Slowly a strange glow appeared on his face. He kept quiet, became cheerful and felt very peaceful. I was reminded of what C.G.Jung, the great psychologist, had written once. Jung went to hospitals, saw old men on death bed wanting to cling to life desperately.Jung asked them what was the most important event left to happen in their lives. The answer invariably was Death. Yes, that was  inevitable Jung would tell them and was the only major event awaiting them. Once those old men reconciled to  the fact that death was the only event to take place, they became calm and peace reigned on their faces.

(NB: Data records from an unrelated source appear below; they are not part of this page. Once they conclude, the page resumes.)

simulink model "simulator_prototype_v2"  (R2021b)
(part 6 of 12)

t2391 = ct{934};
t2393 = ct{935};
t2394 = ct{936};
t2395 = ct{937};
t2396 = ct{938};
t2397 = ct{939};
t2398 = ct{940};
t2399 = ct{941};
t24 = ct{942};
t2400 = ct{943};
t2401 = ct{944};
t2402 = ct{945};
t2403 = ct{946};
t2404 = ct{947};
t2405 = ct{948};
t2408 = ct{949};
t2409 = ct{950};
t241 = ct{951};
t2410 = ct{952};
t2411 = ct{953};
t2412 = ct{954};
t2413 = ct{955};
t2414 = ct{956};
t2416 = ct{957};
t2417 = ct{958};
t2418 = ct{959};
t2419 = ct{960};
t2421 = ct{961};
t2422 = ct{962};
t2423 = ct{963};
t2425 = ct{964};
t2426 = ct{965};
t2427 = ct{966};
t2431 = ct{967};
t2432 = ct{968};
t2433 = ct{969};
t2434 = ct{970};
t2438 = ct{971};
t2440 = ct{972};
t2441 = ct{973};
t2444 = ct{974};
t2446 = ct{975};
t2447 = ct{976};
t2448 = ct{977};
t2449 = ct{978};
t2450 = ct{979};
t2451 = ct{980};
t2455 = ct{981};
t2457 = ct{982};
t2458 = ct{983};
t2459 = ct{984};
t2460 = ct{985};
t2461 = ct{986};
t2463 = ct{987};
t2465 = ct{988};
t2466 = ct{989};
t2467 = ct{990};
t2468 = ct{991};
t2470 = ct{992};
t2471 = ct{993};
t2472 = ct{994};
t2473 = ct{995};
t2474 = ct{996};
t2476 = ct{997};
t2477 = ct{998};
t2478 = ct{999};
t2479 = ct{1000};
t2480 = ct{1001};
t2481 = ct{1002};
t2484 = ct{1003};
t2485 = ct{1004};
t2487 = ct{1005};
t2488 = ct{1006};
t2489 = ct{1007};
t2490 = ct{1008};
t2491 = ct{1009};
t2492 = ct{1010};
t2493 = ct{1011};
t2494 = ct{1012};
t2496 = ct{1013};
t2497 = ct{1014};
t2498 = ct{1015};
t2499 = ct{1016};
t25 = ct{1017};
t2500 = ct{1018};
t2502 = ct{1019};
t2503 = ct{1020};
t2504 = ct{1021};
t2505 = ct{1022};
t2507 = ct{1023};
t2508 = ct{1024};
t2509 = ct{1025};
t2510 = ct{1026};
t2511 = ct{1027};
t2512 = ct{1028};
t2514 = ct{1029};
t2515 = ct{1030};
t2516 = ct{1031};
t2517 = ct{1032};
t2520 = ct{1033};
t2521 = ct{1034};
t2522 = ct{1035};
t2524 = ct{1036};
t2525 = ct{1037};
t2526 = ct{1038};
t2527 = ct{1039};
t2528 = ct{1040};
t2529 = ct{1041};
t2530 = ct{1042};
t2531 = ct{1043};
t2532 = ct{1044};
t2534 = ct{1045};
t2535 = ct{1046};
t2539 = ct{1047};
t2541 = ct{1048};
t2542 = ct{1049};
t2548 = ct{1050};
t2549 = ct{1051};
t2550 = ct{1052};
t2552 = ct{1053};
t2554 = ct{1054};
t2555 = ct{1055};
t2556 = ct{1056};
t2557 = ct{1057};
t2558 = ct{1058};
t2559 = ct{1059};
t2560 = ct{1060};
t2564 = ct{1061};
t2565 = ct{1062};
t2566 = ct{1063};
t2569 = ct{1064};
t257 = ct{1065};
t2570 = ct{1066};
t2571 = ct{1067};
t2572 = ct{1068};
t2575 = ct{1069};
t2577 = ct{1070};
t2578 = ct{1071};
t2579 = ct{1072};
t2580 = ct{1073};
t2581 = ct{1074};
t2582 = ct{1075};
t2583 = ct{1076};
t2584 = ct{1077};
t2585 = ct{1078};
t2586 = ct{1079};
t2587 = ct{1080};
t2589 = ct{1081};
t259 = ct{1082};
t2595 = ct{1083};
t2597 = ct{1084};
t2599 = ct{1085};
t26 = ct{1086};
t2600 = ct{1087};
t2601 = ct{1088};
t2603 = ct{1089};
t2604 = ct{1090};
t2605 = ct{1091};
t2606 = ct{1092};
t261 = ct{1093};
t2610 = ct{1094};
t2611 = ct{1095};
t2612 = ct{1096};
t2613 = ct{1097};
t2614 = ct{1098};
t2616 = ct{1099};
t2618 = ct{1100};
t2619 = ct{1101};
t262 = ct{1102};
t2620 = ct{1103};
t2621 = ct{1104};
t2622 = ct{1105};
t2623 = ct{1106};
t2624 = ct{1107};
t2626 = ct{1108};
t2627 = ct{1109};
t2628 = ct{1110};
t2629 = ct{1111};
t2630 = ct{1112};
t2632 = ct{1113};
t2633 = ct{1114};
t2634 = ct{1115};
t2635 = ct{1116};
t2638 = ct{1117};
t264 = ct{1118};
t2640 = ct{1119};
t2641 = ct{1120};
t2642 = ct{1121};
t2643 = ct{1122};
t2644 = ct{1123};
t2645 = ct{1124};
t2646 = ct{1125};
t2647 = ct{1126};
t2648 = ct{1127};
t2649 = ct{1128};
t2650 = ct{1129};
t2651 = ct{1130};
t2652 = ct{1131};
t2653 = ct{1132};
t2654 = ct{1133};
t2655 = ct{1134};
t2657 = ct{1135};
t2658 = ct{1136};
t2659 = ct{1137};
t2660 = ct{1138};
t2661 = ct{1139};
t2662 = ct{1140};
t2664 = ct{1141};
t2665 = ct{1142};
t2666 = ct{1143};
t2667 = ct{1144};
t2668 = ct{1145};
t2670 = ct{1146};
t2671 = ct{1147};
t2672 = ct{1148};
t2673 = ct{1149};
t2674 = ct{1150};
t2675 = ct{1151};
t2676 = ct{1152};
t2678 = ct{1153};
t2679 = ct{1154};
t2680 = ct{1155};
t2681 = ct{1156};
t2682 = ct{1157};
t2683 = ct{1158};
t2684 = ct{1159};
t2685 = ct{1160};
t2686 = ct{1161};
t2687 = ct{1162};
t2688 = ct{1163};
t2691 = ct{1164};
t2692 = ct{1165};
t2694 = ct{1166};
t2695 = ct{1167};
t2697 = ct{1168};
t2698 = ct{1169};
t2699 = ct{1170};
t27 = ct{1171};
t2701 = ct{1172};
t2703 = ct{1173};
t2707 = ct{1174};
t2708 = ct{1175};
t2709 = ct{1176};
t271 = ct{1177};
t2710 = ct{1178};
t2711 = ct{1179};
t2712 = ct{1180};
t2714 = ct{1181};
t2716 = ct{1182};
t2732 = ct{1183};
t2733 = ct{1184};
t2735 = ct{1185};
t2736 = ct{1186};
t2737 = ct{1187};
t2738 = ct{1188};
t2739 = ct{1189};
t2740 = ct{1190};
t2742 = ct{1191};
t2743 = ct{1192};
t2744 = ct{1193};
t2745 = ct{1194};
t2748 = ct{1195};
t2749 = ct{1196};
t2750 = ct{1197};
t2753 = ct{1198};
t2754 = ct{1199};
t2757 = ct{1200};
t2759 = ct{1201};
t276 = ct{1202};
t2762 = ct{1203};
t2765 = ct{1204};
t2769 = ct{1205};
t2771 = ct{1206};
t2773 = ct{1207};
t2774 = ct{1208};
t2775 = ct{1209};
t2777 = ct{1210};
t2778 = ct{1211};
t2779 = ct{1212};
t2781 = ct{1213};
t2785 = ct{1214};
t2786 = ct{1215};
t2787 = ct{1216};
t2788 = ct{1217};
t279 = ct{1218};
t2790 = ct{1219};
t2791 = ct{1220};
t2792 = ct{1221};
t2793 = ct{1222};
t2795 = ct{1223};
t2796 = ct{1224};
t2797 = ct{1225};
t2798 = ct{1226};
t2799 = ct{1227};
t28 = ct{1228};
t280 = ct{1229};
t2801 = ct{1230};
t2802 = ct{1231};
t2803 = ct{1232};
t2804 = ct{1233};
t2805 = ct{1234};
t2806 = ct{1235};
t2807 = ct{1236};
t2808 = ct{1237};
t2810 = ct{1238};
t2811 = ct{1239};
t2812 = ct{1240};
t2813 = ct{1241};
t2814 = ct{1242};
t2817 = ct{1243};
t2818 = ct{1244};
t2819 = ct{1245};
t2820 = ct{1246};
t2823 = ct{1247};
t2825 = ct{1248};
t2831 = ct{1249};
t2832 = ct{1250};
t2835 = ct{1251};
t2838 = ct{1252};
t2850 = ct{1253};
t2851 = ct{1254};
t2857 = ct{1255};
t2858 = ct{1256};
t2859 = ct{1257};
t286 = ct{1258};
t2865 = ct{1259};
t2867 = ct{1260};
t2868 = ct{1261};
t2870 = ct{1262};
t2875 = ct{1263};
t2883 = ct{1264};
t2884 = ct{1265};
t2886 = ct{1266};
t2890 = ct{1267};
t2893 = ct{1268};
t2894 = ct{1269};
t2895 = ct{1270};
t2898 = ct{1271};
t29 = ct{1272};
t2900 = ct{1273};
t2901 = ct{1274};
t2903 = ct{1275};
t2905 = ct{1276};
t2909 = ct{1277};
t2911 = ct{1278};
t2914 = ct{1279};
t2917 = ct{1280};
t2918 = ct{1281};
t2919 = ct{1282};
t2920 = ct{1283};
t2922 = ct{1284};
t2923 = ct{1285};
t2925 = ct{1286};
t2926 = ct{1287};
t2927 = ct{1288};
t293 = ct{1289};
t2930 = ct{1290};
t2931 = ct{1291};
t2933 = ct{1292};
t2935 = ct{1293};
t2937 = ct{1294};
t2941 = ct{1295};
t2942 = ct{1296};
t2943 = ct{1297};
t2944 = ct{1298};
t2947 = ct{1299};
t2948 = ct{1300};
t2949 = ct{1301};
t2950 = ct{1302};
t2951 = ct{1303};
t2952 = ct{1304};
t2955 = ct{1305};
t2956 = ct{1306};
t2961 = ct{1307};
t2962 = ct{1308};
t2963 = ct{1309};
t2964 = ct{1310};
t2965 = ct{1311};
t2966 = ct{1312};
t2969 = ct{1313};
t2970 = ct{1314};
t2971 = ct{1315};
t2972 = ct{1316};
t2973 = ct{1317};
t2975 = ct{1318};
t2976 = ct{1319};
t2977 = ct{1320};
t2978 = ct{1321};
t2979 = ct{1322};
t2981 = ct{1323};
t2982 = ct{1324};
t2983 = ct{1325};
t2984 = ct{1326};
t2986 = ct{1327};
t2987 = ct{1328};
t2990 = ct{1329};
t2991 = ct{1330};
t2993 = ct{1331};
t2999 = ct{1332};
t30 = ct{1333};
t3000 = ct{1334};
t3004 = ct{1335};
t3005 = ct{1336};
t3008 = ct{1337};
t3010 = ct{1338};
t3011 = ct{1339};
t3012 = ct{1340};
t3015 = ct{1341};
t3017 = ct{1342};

I almost did the same to the father of MGA---but with a difference. I was talking to a Hindu who had such strong spiritual background.

After my rhetorical questions to him he seemed to remember the entire eighth chapter of the Gita and reconciled himself to death beautifully, was remembering only Lord Krishna, forgetting the world, his family and other worries. He became absolutely peaceful and few days after died a beautiful death.

The story of MGA himself in July 2009 is equally beautiful, like his father’s, but with a pleasant difference and I will narrate it after some days. But then remember the eighth chapter of the Gita, the eternal and most beautiful message ever delivered to mankind.